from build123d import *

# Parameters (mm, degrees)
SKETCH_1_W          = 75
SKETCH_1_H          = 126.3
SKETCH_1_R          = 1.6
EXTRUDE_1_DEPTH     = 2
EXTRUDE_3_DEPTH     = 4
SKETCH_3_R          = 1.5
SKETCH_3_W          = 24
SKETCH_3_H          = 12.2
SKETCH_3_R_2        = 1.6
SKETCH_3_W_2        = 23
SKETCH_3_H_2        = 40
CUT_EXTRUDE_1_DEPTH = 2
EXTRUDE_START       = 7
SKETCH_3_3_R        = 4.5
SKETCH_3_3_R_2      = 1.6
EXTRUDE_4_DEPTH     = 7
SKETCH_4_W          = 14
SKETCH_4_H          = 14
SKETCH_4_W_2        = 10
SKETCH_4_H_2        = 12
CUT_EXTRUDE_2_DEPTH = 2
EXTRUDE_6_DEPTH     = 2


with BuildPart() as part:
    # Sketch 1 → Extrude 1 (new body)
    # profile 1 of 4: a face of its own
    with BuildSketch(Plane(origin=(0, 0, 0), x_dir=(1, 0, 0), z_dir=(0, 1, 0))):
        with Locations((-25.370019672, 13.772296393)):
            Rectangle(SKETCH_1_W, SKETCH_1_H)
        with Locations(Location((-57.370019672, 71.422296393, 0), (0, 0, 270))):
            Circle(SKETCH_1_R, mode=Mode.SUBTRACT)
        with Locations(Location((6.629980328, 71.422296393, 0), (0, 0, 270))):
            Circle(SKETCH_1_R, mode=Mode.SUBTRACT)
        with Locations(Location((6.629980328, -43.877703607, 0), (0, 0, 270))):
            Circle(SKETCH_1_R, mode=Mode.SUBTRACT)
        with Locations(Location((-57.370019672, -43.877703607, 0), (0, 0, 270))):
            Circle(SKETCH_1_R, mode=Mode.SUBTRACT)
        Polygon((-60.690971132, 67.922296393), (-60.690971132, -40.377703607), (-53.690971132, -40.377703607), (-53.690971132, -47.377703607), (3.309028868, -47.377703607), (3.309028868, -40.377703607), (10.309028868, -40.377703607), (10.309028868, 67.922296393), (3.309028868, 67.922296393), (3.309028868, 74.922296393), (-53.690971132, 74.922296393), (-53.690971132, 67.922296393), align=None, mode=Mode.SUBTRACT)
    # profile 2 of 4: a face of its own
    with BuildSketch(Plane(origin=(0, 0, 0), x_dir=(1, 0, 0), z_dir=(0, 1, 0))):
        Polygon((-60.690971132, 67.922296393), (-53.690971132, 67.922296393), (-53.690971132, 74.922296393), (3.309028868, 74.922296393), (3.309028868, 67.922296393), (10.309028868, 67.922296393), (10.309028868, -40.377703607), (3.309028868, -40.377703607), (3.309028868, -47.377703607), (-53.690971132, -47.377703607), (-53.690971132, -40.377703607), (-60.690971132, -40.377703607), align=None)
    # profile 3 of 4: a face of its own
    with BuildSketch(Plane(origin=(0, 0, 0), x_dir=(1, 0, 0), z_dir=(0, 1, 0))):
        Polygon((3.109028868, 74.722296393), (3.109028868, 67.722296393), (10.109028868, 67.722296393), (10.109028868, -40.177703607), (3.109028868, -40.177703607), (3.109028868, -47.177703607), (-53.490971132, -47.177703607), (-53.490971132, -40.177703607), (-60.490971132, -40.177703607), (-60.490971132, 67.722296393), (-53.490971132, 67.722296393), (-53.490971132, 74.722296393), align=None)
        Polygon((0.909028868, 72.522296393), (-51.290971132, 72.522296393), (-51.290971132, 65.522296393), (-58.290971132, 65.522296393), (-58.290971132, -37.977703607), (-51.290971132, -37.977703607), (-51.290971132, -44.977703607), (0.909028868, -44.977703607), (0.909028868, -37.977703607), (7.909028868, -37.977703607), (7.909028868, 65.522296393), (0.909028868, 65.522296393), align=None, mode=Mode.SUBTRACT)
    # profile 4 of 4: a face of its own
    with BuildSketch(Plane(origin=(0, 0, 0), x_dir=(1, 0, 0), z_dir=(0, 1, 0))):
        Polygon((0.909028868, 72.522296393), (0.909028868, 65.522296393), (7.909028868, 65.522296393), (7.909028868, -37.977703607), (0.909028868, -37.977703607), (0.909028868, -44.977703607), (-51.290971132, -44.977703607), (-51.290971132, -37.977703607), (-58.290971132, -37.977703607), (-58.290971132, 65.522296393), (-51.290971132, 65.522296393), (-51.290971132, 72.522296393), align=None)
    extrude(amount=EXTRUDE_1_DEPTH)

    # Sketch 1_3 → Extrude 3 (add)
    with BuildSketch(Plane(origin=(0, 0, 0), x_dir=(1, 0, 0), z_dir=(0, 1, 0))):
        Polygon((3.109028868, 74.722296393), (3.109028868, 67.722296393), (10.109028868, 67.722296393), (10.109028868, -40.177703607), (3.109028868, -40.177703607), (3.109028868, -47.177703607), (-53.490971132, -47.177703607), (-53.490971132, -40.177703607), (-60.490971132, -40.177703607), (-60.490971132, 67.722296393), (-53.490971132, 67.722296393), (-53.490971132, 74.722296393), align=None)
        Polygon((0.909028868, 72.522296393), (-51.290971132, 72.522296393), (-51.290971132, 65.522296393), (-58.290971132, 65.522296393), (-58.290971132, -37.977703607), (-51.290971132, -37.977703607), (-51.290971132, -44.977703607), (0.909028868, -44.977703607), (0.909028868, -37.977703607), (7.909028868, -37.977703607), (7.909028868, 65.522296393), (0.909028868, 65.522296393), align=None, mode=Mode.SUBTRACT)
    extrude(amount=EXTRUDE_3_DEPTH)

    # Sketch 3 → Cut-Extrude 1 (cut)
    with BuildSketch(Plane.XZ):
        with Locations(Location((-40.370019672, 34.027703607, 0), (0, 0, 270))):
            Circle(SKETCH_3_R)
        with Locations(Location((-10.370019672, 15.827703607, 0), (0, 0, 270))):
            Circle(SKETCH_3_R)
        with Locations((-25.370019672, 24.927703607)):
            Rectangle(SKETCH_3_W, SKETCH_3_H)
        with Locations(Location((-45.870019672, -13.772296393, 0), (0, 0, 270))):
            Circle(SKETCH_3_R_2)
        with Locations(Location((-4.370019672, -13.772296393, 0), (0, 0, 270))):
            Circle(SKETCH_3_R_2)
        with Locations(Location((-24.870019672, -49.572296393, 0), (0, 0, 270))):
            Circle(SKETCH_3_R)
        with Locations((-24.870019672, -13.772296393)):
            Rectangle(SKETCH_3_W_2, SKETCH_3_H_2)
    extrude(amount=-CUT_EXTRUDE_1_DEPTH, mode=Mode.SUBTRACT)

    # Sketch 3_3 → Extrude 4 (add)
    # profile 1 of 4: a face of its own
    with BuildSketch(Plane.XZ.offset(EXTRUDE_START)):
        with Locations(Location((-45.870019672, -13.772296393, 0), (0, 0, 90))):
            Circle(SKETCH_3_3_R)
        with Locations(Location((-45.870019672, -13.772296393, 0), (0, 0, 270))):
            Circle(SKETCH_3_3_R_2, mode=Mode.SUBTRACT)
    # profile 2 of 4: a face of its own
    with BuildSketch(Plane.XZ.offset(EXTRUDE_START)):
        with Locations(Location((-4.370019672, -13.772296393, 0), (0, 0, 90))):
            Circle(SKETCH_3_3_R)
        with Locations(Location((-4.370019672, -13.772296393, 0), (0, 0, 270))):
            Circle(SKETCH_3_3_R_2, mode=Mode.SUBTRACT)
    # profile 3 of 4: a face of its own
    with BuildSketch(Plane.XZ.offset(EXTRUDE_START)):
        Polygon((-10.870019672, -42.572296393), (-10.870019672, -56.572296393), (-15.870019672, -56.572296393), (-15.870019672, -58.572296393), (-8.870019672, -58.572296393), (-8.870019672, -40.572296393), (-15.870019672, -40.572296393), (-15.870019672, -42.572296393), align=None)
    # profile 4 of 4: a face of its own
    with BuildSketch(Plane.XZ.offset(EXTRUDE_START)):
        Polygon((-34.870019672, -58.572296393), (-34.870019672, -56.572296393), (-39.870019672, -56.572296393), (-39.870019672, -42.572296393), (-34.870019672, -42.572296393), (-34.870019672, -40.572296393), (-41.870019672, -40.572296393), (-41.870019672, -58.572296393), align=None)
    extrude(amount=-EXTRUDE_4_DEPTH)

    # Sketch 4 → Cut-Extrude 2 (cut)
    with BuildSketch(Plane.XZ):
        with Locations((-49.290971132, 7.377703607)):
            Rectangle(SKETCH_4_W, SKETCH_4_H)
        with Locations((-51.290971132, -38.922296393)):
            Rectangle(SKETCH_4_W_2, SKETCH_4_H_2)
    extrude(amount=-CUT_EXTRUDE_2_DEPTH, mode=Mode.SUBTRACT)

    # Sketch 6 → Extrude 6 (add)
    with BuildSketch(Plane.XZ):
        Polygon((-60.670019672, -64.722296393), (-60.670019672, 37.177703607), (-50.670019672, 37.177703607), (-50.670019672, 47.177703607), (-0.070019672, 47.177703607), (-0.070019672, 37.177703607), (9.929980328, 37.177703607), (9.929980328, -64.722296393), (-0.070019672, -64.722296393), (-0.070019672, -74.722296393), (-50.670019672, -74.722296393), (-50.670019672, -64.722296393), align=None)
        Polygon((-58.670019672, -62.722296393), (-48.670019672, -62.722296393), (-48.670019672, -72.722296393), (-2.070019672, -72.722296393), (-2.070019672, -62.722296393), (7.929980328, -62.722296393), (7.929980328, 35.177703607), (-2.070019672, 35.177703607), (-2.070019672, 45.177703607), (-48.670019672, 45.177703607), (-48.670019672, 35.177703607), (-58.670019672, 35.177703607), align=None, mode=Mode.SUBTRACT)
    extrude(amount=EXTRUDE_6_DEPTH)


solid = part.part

■ **What the task requires**
Among the records, find all lines that include the string "amount" and return them.

■ **Exercise response**
    extrude(amount=EXTRUDE_1_DEPTH)
    extrude(amount=EXTRUDE_3_DEPTH)
    extrude(amount=-CUT_EXTRUDE_1_DEPTH, mode=Mode.SUBTRACT)
    extrude(amount=-EXTRUDE_4_DEPTH)
    extrude(amount=-CUT_EXTRUDE_2_DEPTH, mode=Mode.SUBTRACT)
    extrude(amount=EXTRUDE_6_DEPTH)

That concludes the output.